159//! Best performance is achieved when the sampling rate `k` is a power of two. Usually a value of `32` or `16` is a good trade-off between speed and compression ratio.
160//! 
161//! ## Codec Selection and Performance
162//!
163//! The choice of compression codec is critical for performance and space efficiency.
164//! [`IntVecBuilder`] offers automatic codec selection via 
165//! [`VariableCodecSpec::Auto`]. When enabled, the builder analyzes the entire input
166//! dataset to find the codec that offers the best compression ratio.
167//!
168//! This analysis involves calculating the compressed size for the data with
169//! approximately 70 different codec configurations. This process introduces a
170//! significant, one-time **construction overhead**.
171//! 
172//! Use [`Auto`](VariableCodecSpec::Auto) for read-heavy workloads where the [`IntVec`] 
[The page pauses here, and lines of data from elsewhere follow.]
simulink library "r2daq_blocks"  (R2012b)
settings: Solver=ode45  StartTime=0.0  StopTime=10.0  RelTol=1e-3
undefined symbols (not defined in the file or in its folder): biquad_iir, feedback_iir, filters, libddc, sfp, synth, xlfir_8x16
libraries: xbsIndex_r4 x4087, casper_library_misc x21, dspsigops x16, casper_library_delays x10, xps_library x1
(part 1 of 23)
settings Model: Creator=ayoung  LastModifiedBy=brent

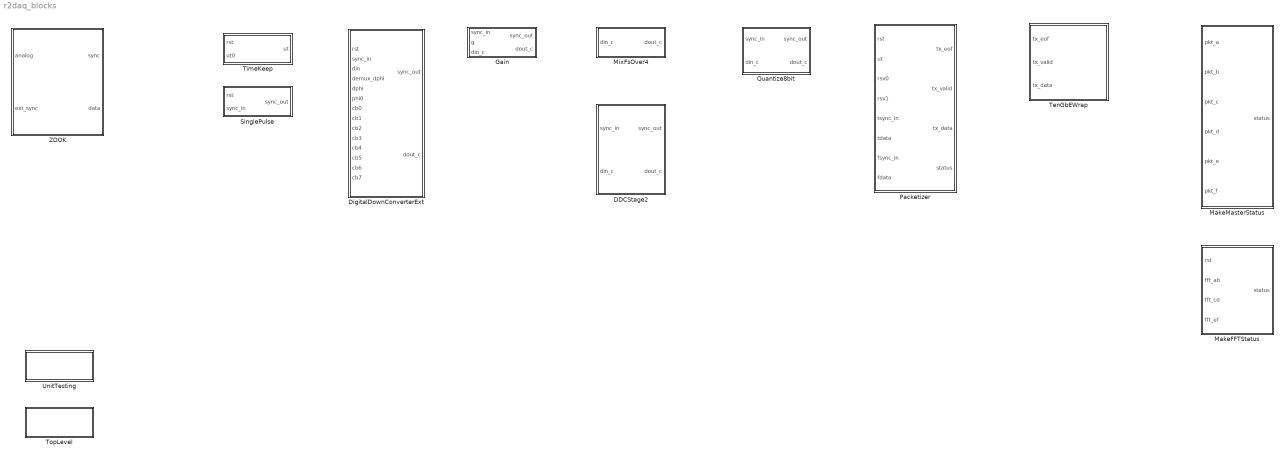
== system r2daq_blocks ==
  DDCStage2 : Subsystem
  DigitalDownConverterExt : Subsystem
  Gain : Subsystem
  MakeFFTStatus : Subsystem
  MakeMasterStatus : Subsystem
  MixFsOver4 : Subsystem
  Packetizer : Subsystem  mask(Packetizer){N_fft=8192, frames_per_batch=390625, IF_ID=1, Digital_ID=3, pd_in=3, pd_tvf=32}
      mask prompts: N_fft "FFT-size"; frames_per_batch "Frames in batch"; IF_ID "IF ID (6-bit)"; Digital_ID "Digital ID (6-bit)"; pd_in "Pipeline delay registers"; pd_tvf "Time packet delay relative to frequency packet"
      mask help:
      | Packetizes simultaneous time- and frequency-domain data for transmission using a 10GbE core.
      |
      | An asynchronous reset port is available as rst.
      |
      | Complex-valued frequency-domain data is supplied as UFix_16_0 to fdata. A single pulse on fsync_in indicates that the first sample of valid data will appear at fdata on the next clock cycle. Only one such pulse should be given per reset. The same applies to tdata and tsync_in.
      |
      | Current unix-time can be supplied as a UFix_32_0 to port ut.
      |
      | 64bit-wide header data can be supplied to each rsv0 and rsv1. Note that b63 (msb) of rsv1 is over-written internally.
      |
      | Signals to drive a 10GbE core are directly available in tx_eof, tx_valid, and tx_data.
      |
      | Empty and full signals of internal FIFO's used to buffer time- and frequency-domain data are available in ffifo_empty, ffifo_full, tfifo_empty and tfifo_full.
      mask init:
      | pd_inst = {...
      |     [gcb '/pd_ud0'],...
      |     [gcb '/pd_ud1']};
      | pd_in = get_param(gcb,'pd_in');
      | for ii=1:numel(pd_inst)
      |     set_param(pd_inst{ii},'latency',pd_in);
      | end
      | pd_inst = [gcb '/pd_dtf'];
      | %pd_tvf = get_param(gcb,'pd_tvf');
      | %set_param(pd_inst,'latency',pd_tvf);
      | pd_tvf_delay = 4;
      | set_param([gcb '/data_per_frame'],'const',num2str(N_fft-1));
      | set_param([gcb '/fpb_const'],'const',num2str(frames_per_batch));
      | set_param([gcb '/pd_dtf_pre'],'latency',num2str(pd_tvf_delay));
      | set_param([gcb '/delay_neg_edge'],'latency',num2str(pd_tvf-2*pd_tvf_delay));
      | set_param([gcb '/pd_dtf_post'],'latency',num2str(pd_tvf_delay));
  Quantize8bit : Subsystem  mask(Quantize8bit){pd_io=0}
      mask prompts: pd_io "Pipeline delay"
      mask help:
      | Quantize complex-valued input to Fix_8_7 by slicing top 8bits from each component.
      |
      | Pipeline delay is configurable.
      mask init:
      | pd_inst = {...
      |     [gcb '/pd_sync'],...
      |     [gcb '/pd_data']};
      | pd_io = get_param(gcb,'pd_io');
      | for ii=1:numel(pd_inst)
      |     set_param(pd_inst{ii},'latency',pd_io);
      | end
  SinglePulse : Subsystem
  TenGbEWrap : Subsystem  mask(TenGbEWrap){pd_in=3, pd_out=3}
      mask prompts: pd_in "Registers in pipeline delay"; pd_out "Registers out pipeline delay"
      mask help:
      | Wrap 10GbE core and supplies control and status registers internally.
      |
      | Pipeline delay to and from registers are configurable.
      mask init:
      | pd_inst = {...
      |     [gcb '/pd_ctrl'],...
      |     [gcb '/pd_port'],...
      |     [gcb '/pd_ip']};
      | pd_in = get_param(gcb,'pd_in');
      | for ii=1:numel(pd_inst)
      |     set_param(pd_inst{ii},'latency',pd_in);
      | end
      | pd_inst = {...
      |     [gcb '/pd_status']};
      | pd_out = get_param(gcb,'pd_out');
      | for ii=1:numel(pd_inst)
      |     set_param(pd_inst{ii},'latency',pd_out);
      | end
  TimeKeep : Subsystem
  TopLevel : Subsystem
      settings: OpenFcn=top_level
  UnitTesting : Subsystem
      settings: OpenFcn=unit_testing
  ZDOK : Subsystem  mask{zdok_slot=ZDOK 1, freq_nyq=1600}
      mask prompts: zdok_slot "ZDOK slot"; freq_nyq "Nyquist frequency [MHz]"
      mask init:
      | adc_inst = [gcb '/asiaa_adc5g'];
      | set_param(adc_inst,'adc_brd',get_param(gcb,'zdok_slot'));
      | set_param(adc_inst,'adc_clk_rate',get_param(gcb,'freq_nyq'));
      mask TypeOptions zdok_slot: ZDOK 0 | ZDOK 1

== system r2daq_blocks/DDCStage2 ==
  sync_in : Inport
  din_c : Inport  Port=2
  biquad_iir1 : Subsystem  AncestorBlock=filters/biquad_iir  mask(biquad_iir){n_bits_in=25, bin_pt_in=16, n_bits_coeff=18, bin_pt_coeff=16, n_bits_out=25, bin_pt_out=16, b_vec=|, a_vec=|}
      mask b_vec=|
      | [0.815263251415296
      |    0.303032070623539
      |    0.115081529740996
      |   -0.260678104245120
      |   -1.000000000000000
      |   -0.139222121675215
      |   -0.134747469852716
      |    0.133883526675981
      |    0.409233506038348]
      mask a_vec=|
      | [1.000000000000000
      |                    0
      |                    0
      |                    0
      |   -1.169556335764851
      |                    0
      |                    0
      |                    0
      |    0.398930973732319]
      mask prompts: n_bits_in "Input bit width"; bin_pt_in "Input decimal point"; n_bits_coeff "Coefficients bit width"; bin_pt_coeff "Coefficients decimal point"; n_bits_out "Output bit width"; bin_pt_out "Output decimal point"; b_vec "B-coefficients"; a_vec "A-coefficients"
      mask help:
      | Implement an IIR-filter biquad-structure,
      |     dout_c(n) = b0*din_c(n) + b1*din_c(n-1) + b2*din_c(n-2)
      |                   - aN*dout_c(n-N) - a2N*dout_c(n-2*N),
      | where B- and A-coefficients are all real and the input is complex.
      |
      | The implementation assumes a biquad-structure rearranged using scattered-lookahead so that the minimum feedback delay is an integer multiple of N. The B-coefficient vector can be of arbitrary length, while the A-coefficient vector has to be of the form
      |     a_vec = [1.0 zeros(1,N) aN zeros(1,N) a2N].
      |
      | See mask documenation for feedback_iir for more details.
      mask init:
      | biquad_iir_init(gcb, ...
      |     'n_bits_in', n_bits_in, ...
      |     'bin_pt_in', bin_pt_in, ...
      |     'n_bits_coeff', n_bits_coeff, ...
      |     'bin_pt_coeff', bin_pt_coeff, ...
      |     'n_bits_out', n_bits_out, ...
      |     'bin_pt_out', bin_pt_out, ...
      |     'b_vec', b_vec, ...
      |     'a_vec', a_vec);
  biquad_iir2 : Subsystem  AncestorBlock=filters/biquad_iir  mask(biquad_iir){n_bits_in=25, bin_pt_in=16, n_bits_coeff=18, bin_pt_coeff=16, n_bits_out=25, bin_pt_out=16, b_vec=|, a_vec=|}
      mask b_vec=|
      | [0.675286360138315
      |    1.000000000000000
      |    0.516957329321165
      |   -0.197096849522316
      |   -0.125512805310079
      |   -0.023487042819110
      |   -0.018488842780882
      |    0.004875263881930
      |    0.003748246302952]
      mask a_vec=|
      | [1.000000000000000
      |                    0
      |                    0
      |                    0
      |   -0.061636440918663
      |                    0
      |                    0
      |                    0
      |    0.000982773697858]
      mask prompts: n_bits_in "Input bit width"; bin_pt_in "Input decimal point"; n_bits_coeff "Coefficients bit width"; bin_pt_coeff "Coefficients decimal point"; n_bits_out "Output bit width"; bin_pt_out "Output decimal point"; b_vec "B-coefficients"; a_vec "A-coefficients"
      mask help:
      | Implement an IIR-filter biquad-structure,
      |     dout_c(n) = b0*din_c(n) + b1*din_c(n-1) + b2*din_c(n-2)
      |                   - aN*dout_c(n-N) - a2N*dout_c(n-2*N),
      | where B- and A-coefficients are all real and the input is complex.
      |
      | The implementation assumes a biquad-structure rearranged using scattered-lookahead so that the minimum feedback delay is an integer multiple of N. The B-coefficient vector can be of arbitrary length, while the A-coefficient vector has to be of the form
      |     a_vec = [1.0 zeros(1,N) aN zeros(1,N) a2N].
      |
      | See mask documenation for feedback_iir for more details.
      mask init: same as r2daq_blocks/DDCStage2/biquad_iir1
  mix_fs_over_4 : Subsystem
  sync_out : Outport
  dout_c : Outport  Port=2
  wires:
  din_c/1 -> mix_fs_over_4/1(din_c)
  sync_in/1 -> biquad_iir1/1(sync_in)
  mix_fs_over_4/1(dout_c) -> biquad_iir1/2(din_c)
  biquad_iir1/1(sync_out) -> biquad_iir2/1(sync_in)
  biquad_iir1/2(dout_c) -> biquad_iir2/2(din_c)
  biquad_iir2/1(sync_out) -> sync_out/1
  biquad_iir2/2(dout_c) -> dout_c/1

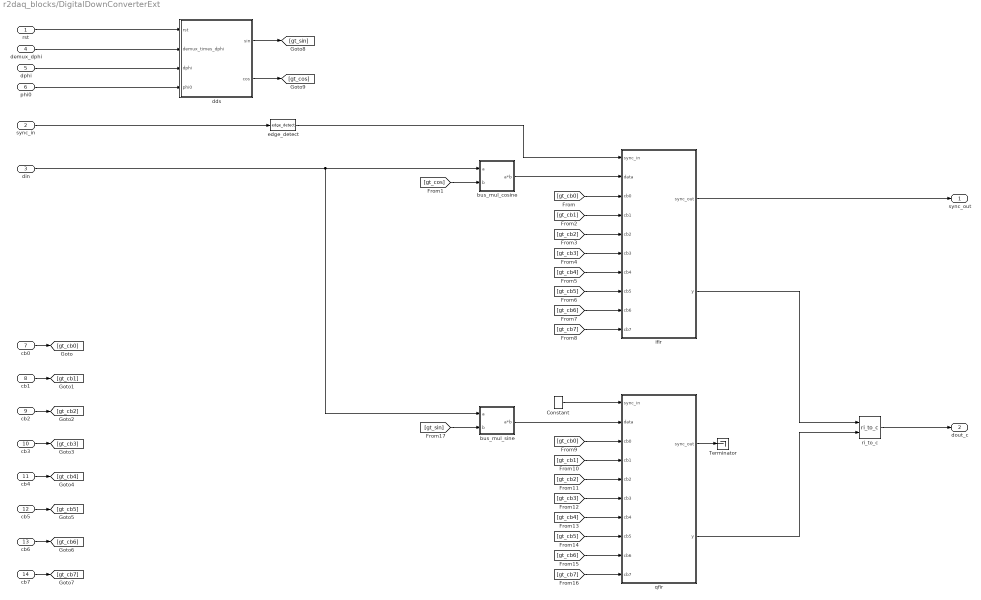
== system r2daq_blocks/DigitalDownConverterExt ==
  rst : Inport
  sync_in : Inport  Port=2
  din : Inport  Port=3
  demux_dphi : Inport  Port=4
  dphi : Inport  Port=5
  phi0 : Inport  Port=6
  cb0 : Inport  Port=7
  cb1 : Inport  Port=8
  cb2 : Inport  Port=9
  cb3 : Inport  Port=10
  cb4 : Inport  Port=11
  cb5 : Inport  Port=12
  cb6 : Inport  Port=13
  cb7 : Inport  Port=14
  Constant : xbsIndex_r4/Constant  const=0  gui_display_data_type=Boolean  arith_type=Boolean  n_bits=16  bin_pt=14  preci_type=Single  exp_width=8  frac_width=24  explicit_period=on  period=1  equ=P=C  opselect=C  inp2=PCIN>>17  opr=+  inp1=P  carry=CIN  dbl_ovrd=off  block_type=constant
  Terminator : Terminator
  bus_mul_cosine : Subsystem  AncestorBlock=casper_library_bus/bus_mult  mask(bus_mult){n_bits_a=ones(1,16)*8, bin_pt_a=ones(1,16)*7, type_a=ones(1,16)*1, cmplx_a=off, n_bits_b=ones(1,16)*11, bin_pt_b=ones(1,16)*9, type_b=ones(1,16)*1, cmplx_b=off, n_bits_out=ones(1,16)*18, bin_pt_out=ones(1,16)*16, type_out=ones(1,16)*1, quantization=0, overflow=0, mult_latency=3, add_latency=1, conv_latency=1, max_fanout=2, fan_latency=0, multiplier_implementation=behavioral HDL, misc=off}
      mask prompts: n_bits_a "a input bit widths"; bin_pt_a "a input binary points"; type_a "a input type (Unsigned=0, Signed=1)"; cmplx_a "a input complex"; n_bits_b "b input bit widths"; bin_pt_b "b input binary points"; type_b "b input type (Unsigned=0, Signed=1)"; cmplx_b "b input complex"; n_bits_out "output bit widths"; bin_pt_out "output binary points"; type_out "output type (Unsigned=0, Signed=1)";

173//! is built once and then accessed many times. The initial cost is easily amortized by
174//! the long-term space savings.
175//! 
176//! If your application creates many small [`IntVec`]s or accesses them frequently,
177//! the repeated cost of analysis can become a performance
178//! bottleneck. In such scenarios, it is better to explicitly specify a codec
179//! (e.g., [`VariableCodecSpec::Gamma`] or [`VariableCodecSpec::Delta`]) that is known
180//! to be a good general-purpose choice for your data.
181//!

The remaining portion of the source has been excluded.